Records from a data collection:
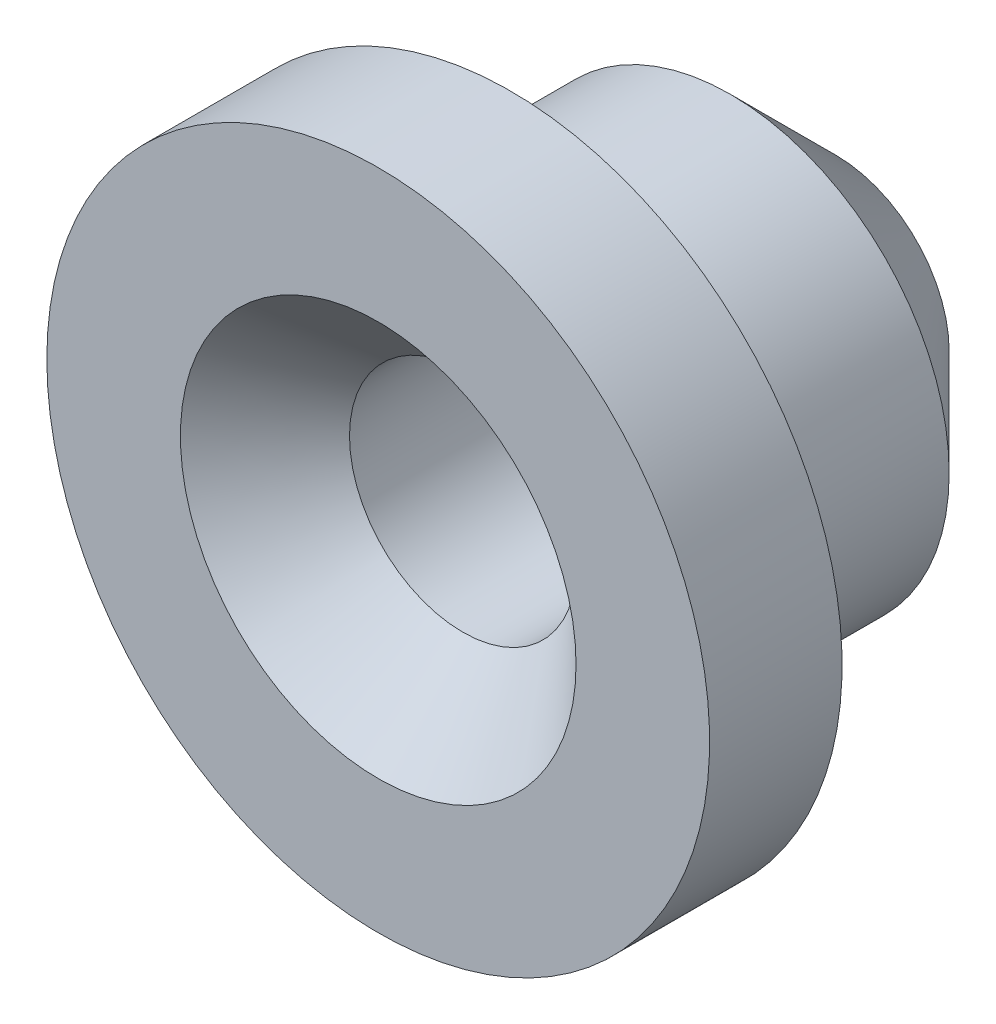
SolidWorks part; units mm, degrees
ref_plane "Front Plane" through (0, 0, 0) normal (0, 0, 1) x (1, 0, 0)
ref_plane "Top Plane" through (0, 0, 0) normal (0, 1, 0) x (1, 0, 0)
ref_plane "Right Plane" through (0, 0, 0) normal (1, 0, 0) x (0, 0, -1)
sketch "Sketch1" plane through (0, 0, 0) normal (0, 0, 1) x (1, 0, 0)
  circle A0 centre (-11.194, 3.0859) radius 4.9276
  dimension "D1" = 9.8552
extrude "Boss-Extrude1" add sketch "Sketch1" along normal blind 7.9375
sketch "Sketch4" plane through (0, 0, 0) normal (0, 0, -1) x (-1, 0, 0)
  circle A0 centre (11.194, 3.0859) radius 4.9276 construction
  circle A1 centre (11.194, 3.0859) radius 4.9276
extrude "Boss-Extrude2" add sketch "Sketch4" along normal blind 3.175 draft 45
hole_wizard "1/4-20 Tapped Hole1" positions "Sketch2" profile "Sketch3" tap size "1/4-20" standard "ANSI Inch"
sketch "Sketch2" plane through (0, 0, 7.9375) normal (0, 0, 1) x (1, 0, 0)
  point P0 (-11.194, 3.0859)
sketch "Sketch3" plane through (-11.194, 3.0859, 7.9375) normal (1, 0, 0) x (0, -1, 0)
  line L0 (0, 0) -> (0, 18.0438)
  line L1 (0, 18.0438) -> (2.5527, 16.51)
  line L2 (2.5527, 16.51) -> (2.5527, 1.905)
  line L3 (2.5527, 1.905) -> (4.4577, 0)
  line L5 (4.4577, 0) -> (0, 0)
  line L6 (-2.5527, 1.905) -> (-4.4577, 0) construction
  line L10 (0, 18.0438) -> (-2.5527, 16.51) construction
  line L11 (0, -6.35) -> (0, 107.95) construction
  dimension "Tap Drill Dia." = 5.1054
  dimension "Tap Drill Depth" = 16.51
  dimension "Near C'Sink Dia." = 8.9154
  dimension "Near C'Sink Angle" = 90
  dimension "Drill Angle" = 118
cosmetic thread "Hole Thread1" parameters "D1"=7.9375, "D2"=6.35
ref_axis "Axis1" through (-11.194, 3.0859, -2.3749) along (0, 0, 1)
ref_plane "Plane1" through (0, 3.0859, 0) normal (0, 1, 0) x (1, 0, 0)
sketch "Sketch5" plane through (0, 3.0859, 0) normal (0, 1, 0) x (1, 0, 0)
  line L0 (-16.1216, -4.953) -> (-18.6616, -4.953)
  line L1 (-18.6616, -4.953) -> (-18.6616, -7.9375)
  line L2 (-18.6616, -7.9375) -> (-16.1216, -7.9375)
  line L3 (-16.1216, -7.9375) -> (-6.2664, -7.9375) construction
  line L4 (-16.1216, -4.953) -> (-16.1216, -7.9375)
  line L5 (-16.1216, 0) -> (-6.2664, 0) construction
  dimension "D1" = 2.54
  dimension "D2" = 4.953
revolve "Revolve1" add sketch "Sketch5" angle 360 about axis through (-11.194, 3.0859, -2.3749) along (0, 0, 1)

Task directions:
Render all entries verbatim, excluding any pictures they hold.

Response to the exercise:
SolidWorks part; units mm, degrees
ref_plane "Front Plane" through (0, 0, 0) normal (0, 0, 1) x (1, 0, 0)
ref_plane "Top Plane" through (0, 0, 0) normal (0, 1, 0) x (1, 0, 0)
ref_plane "Right Plane" through (0, 0, 0) normal (1, 0, 0) x (0, 0, -1)
sketch "Sketch1" plane through (0, 0, 0) normal (0, 0, 1) x (1, 0, 0)
  circle A0 centre (-11.194, 3.0859) radius 4.9276
  dimension "D1" = 9.8552
extrude "Boss-Extrude1" add sketch "Sketch1" along normal blind 7.9375
sketch "Sketch4" plane through (0, 0, 0) normal (0, 0, -1) x (-1, 0, 0)
  circle A0 centre (11.194, 3.0859) radius 4.9276 construction
  circle A1 centre (11.194, 3.0859) radius 4.9276
extrude "Boss-Extrude2" add sketch "Sketch4" along normal blind 3.175 draft 45
hole_wizard "1/4-20 Tapped Hole1" positions "Sketch2" profile "Sketch3" tap size "1/4-20" standard "ANSI Inch"
sketch "Sketch2" plane through (0, 0, 7.9375) normal (0, 0, 1) x (1, 0, 0)
  point P0 (-11.194, 3.0859)
sketch "Sketch3" plane through (-11.194, 3.0859, 7.9375) normal (1, 0, 0) x (0, -1, 0)
  line L0 (0, 0) -> (0, 18.0438)
  line L1 (0, 18.0438) -> (2.5527, 16.51)
  line L2 (2.5527, 16.51) -> (2.5527, 1.905)
  line L3 (2.5527, 1.905) -> (4.4577, 0)
  line L5 (4.4577, 0) -> (0, 0)
  line L6 (-2.5527, 1.905) -> (-4.4577, 0) construction
  line L10 (0, 18.0438) -> (-2.5527, 16.51) construction
  line L11 (0, -6.35) -> (0, 107.95) construction
  dimension "Tap Drill Dia." = 5.1054
  dimension "Tap Drill Depth" = 16.51
  dimension "Near C'Sink Dia." = 8.9154
  dimension "Near C'Sink Angle" = 90
  dimension "Drill Angle" = 118
cosmetic thread "Hole Thread1" parameters "D1"=7.9375, "D2"=6.35
ref_axis "Axis1" through (-11.194, 3.0859, -2.3749) along (0, 0, 1)
ref_plane "Plane1" through (0, 3.0859, 0) normal (0, 1, 0) x (1, 0, 0)
sketch "Sketch5" plane through (0, 3.0859, 0) normal (0, 1, 0) x (1, 0, 0)
  line L0 (-16.1216, -4.953) -> (-18.6616, -4.953)
  line L1 (-18.6616, -4.953) -> (-18.6616, -7.9375)
  line L2 (-18.6616, -7.9375) -> (-16.1216, -7.9375)
  line L3 (-16.1216, -7.9375) -> (-6.2664, -7.9375) construction
  line L4 (-16.1216, -4.953) -> (-16.1216, -7.9375)
  line L5 (-16.1216, 0) -> (-6.2664, 0) construction
  dimension "D1" = 2.54
  dimension "D2" = 4.953
revolve "Revolve1" add sketch "Sketch5" angle 360 about axis through (-11.194, 3.0859, -2.3749) along (0, 0, 1)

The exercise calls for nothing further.